Experts warn against knee-jerk decisions over ESG

Experts warn against knee-jerk decisions over ESG

Investors taking environmental, social and governance issues seriously should beware of making wholesale changes as short-term reactions to the green agenda, a legal expert has warned.

Paul Edmonson, financial services partner with law firm CMS, said while the rise of ESG investment and decision-making was welcome, he cautioned against large investors, such as insurers and pension funds, making wholesale changes that could not only affect market movements but also lead to overpricing of investments.

He said: "While 2020 is likely to see an increasingly effective integration of sustainability in portfolio construction. Insurers are required to invest prudently and so a mass-transition out of current investments in order to chase the same, potentially over-priced, ESG-friendly asset classes would itself present an undue investment risk.”

His comments came after the UK government and regulators implemented a series of changes and amendments to ensure the transition to a carbon-neutral economy becomes part and parcel of financial decision-making, in accordance with the COP-26 agenda. 

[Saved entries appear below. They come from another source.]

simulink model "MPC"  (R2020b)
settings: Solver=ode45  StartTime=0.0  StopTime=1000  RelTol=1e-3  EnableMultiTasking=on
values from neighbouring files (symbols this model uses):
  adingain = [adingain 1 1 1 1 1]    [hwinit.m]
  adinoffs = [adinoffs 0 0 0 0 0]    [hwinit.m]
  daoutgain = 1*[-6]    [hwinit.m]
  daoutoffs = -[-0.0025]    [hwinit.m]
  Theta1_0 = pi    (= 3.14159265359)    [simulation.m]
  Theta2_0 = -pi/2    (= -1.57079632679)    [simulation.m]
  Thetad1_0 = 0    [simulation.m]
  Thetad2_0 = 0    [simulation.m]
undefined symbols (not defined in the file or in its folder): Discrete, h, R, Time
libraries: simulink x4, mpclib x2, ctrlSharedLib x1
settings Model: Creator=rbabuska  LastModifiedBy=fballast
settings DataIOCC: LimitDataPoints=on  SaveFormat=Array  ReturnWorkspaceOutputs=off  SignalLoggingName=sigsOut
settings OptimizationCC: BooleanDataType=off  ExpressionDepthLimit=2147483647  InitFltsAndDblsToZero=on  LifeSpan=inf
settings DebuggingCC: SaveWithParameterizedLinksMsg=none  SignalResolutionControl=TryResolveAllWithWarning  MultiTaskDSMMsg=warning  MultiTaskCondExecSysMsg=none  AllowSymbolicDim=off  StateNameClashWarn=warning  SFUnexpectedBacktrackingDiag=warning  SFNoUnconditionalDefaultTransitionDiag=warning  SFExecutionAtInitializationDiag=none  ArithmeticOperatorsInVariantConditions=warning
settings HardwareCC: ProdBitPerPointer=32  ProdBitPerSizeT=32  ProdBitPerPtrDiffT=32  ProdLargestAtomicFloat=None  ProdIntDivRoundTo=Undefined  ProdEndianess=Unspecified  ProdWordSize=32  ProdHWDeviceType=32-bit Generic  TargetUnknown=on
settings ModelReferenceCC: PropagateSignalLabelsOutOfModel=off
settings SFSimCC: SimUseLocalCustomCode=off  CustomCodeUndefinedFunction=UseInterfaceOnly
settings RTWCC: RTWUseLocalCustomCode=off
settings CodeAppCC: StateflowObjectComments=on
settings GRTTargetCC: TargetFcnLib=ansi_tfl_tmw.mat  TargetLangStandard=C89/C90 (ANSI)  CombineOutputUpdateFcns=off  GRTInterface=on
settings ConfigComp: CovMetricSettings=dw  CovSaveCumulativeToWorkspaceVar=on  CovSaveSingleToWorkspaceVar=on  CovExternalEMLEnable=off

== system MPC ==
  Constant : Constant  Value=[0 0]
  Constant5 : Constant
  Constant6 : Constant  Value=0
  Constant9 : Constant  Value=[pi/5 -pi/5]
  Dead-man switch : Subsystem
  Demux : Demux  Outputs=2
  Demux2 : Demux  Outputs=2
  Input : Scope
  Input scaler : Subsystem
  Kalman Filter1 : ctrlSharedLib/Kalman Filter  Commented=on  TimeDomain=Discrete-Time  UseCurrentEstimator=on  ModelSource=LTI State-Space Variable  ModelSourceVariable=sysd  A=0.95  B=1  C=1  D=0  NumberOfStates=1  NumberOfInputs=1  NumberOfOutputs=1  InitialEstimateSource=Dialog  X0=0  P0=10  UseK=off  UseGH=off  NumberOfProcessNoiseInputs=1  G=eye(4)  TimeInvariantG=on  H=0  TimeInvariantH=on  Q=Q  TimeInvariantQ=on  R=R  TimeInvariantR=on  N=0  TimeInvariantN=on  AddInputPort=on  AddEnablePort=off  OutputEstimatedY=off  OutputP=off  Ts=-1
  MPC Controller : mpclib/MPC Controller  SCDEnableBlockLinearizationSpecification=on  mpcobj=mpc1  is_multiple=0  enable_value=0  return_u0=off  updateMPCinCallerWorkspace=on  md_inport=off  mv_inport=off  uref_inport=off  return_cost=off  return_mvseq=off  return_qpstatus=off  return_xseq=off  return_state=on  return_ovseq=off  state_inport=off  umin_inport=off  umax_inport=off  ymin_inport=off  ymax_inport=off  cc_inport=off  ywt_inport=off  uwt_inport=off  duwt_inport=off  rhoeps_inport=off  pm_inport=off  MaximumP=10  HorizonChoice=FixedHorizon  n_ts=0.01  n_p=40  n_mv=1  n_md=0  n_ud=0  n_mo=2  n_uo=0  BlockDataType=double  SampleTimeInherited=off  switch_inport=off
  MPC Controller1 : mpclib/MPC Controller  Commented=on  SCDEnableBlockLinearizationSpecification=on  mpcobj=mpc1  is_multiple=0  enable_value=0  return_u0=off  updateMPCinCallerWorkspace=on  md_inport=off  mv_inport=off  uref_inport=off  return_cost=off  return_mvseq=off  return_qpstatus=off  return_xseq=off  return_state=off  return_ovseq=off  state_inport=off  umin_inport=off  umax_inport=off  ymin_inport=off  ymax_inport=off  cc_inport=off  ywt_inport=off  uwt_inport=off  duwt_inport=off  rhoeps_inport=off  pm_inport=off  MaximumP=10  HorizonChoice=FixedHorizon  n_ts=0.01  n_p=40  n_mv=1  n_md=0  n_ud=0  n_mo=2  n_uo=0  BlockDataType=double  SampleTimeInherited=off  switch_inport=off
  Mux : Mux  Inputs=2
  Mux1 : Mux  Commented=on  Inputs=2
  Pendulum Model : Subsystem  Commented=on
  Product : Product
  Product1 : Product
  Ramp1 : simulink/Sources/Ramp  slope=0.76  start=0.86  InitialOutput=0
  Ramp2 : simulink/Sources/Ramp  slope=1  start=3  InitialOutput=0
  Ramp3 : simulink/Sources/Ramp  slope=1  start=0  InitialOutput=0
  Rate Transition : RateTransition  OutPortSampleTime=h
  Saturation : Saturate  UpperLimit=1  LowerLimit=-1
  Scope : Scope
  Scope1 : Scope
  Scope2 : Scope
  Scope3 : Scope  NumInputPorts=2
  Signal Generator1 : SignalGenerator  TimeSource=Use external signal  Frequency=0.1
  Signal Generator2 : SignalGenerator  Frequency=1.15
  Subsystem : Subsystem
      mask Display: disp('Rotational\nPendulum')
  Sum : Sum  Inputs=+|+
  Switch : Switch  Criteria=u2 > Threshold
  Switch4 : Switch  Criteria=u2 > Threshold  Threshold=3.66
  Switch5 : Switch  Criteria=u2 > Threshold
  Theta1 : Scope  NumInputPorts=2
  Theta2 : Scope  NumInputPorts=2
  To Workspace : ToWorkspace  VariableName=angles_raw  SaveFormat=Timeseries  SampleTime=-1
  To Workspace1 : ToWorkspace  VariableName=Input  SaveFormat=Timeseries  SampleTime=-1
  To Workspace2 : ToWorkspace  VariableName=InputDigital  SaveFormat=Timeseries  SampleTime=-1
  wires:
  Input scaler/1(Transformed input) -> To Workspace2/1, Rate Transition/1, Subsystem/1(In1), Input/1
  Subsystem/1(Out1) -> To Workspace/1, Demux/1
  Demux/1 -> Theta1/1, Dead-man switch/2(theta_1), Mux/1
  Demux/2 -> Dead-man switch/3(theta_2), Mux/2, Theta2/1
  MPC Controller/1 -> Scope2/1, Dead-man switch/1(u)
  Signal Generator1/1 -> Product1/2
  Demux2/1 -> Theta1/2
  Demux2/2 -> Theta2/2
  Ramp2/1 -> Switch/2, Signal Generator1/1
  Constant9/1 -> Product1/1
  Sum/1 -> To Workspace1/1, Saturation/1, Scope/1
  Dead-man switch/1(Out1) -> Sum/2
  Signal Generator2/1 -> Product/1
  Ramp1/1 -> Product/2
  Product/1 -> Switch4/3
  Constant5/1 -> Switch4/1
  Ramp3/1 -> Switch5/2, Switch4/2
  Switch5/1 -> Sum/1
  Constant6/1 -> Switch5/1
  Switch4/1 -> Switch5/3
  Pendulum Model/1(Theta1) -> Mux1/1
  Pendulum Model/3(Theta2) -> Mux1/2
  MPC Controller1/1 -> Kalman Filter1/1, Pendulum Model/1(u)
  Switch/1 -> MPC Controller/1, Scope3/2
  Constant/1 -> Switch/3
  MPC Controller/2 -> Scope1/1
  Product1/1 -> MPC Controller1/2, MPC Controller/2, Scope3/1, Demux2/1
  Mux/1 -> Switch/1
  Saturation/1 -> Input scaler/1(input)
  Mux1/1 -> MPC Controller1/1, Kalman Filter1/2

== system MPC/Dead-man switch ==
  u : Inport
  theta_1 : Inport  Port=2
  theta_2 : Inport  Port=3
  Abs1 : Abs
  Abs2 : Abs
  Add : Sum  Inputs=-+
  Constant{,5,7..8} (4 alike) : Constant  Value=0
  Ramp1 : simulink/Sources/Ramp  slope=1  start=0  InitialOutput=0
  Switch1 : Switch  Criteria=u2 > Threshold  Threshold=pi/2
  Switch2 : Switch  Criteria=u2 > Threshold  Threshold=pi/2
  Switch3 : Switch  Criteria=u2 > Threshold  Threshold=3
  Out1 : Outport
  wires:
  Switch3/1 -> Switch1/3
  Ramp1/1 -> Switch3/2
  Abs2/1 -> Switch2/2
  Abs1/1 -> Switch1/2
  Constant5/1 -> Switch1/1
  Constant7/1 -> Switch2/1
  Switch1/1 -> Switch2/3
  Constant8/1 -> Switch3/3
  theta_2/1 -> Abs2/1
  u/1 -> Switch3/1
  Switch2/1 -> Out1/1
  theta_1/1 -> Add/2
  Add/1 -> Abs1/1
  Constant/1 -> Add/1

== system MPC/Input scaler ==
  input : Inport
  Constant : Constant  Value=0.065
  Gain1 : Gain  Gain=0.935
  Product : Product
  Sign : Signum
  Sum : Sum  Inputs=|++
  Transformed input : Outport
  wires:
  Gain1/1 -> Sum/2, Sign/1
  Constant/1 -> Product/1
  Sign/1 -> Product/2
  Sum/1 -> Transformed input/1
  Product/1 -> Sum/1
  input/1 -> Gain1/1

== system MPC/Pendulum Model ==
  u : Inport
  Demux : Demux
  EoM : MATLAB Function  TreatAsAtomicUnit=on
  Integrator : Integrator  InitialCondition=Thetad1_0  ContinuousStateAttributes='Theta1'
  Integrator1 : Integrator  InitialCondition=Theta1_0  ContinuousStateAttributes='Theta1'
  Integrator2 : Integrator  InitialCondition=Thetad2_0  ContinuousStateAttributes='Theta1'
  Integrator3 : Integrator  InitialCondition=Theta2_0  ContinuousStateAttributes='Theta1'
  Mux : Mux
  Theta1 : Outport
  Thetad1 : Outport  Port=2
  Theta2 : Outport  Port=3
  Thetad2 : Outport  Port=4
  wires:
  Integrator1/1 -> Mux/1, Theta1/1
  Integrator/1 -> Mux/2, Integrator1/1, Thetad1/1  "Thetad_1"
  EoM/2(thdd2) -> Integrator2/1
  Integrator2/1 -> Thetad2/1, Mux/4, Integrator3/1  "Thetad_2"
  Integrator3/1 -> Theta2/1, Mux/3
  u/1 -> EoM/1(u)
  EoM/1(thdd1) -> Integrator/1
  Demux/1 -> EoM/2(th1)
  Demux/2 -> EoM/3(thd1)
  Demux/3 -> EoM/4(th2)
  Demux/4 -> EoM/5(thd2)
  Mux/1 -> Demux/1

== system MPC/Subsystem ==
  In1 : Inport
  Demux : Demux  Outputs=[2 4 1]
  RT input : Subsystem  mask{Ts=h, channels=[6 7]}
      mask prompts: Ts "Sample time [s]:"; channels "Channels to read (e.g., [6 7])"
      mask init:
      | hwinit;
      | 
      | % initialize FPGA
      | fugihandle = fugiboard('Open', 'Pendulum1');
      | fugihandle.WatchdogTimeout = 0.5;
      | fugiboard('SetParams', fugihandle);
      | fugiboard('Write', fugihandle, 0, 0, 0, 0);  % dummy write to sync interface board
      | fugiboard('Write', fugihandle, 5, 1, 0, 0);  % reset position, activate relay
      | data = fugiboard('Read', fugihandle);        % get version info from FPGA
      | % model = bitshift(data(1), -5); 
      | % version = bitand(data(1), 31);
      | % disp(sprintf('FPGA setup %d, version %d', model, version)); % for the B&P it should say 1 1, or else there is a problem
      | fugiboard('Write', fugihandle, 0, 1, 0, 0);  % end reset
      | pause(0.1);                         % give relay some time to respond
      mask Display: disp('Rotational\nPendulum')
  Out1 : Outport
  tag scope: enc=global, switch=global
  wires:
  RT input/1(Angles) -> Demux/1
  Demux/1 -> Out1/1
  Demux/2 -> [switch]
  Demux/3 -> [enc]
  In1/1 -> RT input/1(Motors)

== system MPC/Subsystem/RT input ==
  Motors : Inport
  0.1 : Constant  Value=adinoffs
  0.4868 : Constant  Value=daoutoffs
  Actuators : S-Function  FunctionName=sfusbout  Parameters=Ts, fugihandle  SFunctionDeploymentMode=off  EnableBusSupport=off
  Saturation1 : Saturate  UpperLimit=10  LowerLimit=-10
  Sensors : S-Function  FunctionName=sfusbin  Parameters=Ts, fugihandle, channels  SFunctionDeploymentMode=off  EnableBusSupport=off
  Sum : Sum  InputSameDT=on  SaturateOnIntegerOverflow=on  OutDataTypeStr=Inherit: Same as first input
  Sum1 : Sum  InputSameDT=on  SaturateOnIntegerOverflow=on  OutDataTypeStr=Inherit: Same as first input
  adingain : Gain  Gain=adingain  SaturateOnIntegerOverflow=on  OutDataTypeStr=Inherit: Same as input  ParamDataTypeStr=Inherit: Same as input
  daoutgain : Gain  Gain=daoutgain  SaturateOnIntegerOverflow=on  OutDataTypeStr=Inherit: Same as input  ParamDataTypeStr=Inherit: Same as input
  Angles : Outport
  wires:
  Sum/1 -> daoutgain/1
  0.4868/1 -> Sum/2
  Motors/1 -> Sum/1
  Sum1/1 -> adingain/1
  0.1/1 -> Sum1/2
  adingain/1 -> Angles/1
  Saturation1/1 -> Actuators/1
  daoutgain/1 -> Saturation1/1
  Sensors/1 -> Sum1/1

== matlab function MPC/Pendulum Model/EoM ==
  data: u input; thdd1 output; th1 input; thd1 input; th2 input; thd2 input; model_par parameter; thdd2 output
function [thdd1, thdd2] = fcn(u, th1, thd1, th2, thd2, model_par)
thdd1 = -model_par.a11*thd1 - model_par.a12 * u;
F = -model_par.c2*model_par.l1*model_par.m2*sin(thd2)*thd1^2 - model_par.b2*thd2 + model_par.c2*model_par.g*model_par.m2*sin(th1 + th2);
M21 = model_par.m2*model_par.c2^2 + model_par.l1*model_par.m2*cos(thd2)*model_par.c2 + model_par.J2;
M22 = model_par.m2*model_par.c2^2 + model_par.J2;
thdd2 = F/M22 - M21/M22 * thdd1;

Mr Edmonson added: "Last year saw the rise of ESG in insurance investment at the micro level of individual investment decision making.

“While awareness of the impact of climate change has gained momentum, the insurance sector generally is yet to start taking the fundamental steps of change that we have seen in the asset management industry.

Kris Atkinson, lead portfolio manager on the newly-launched FF Sustainable Reduced Carbon Bond Fund for Fidelity International, also said investing along ESG principles needed to be a thoughtful process, rather than a standard 'screen or green' approach.

He said: “Some investors believe green investing is black and white, only considering companies with low or zero emissions. It isn’t. To tackle the threat of climate change as investors we need to embrace companies transitioning to greener business models, not exclude them.

"By actively engaging with companies we can reduce emissions, influence their decarbonisation strategies and move to a more sustainable future.”

According to Gill Lofts, sustainable finance leader at EY, although February's Bank of England announcement that every financial decision will take climate change into account was "a bold one", there was much more that needed to be done.

She explained: "The detail around what firms – both public and private - need to do to build on their current sustainability metrics or how they will report and measure is not yet clear. Banks, asset managers and insurers need to work closely with government and policy makers on this crucially important and complex matter.

"They will be keenly awaiting more information before they can act with real meaning and embed climate change into every financial decision they are making."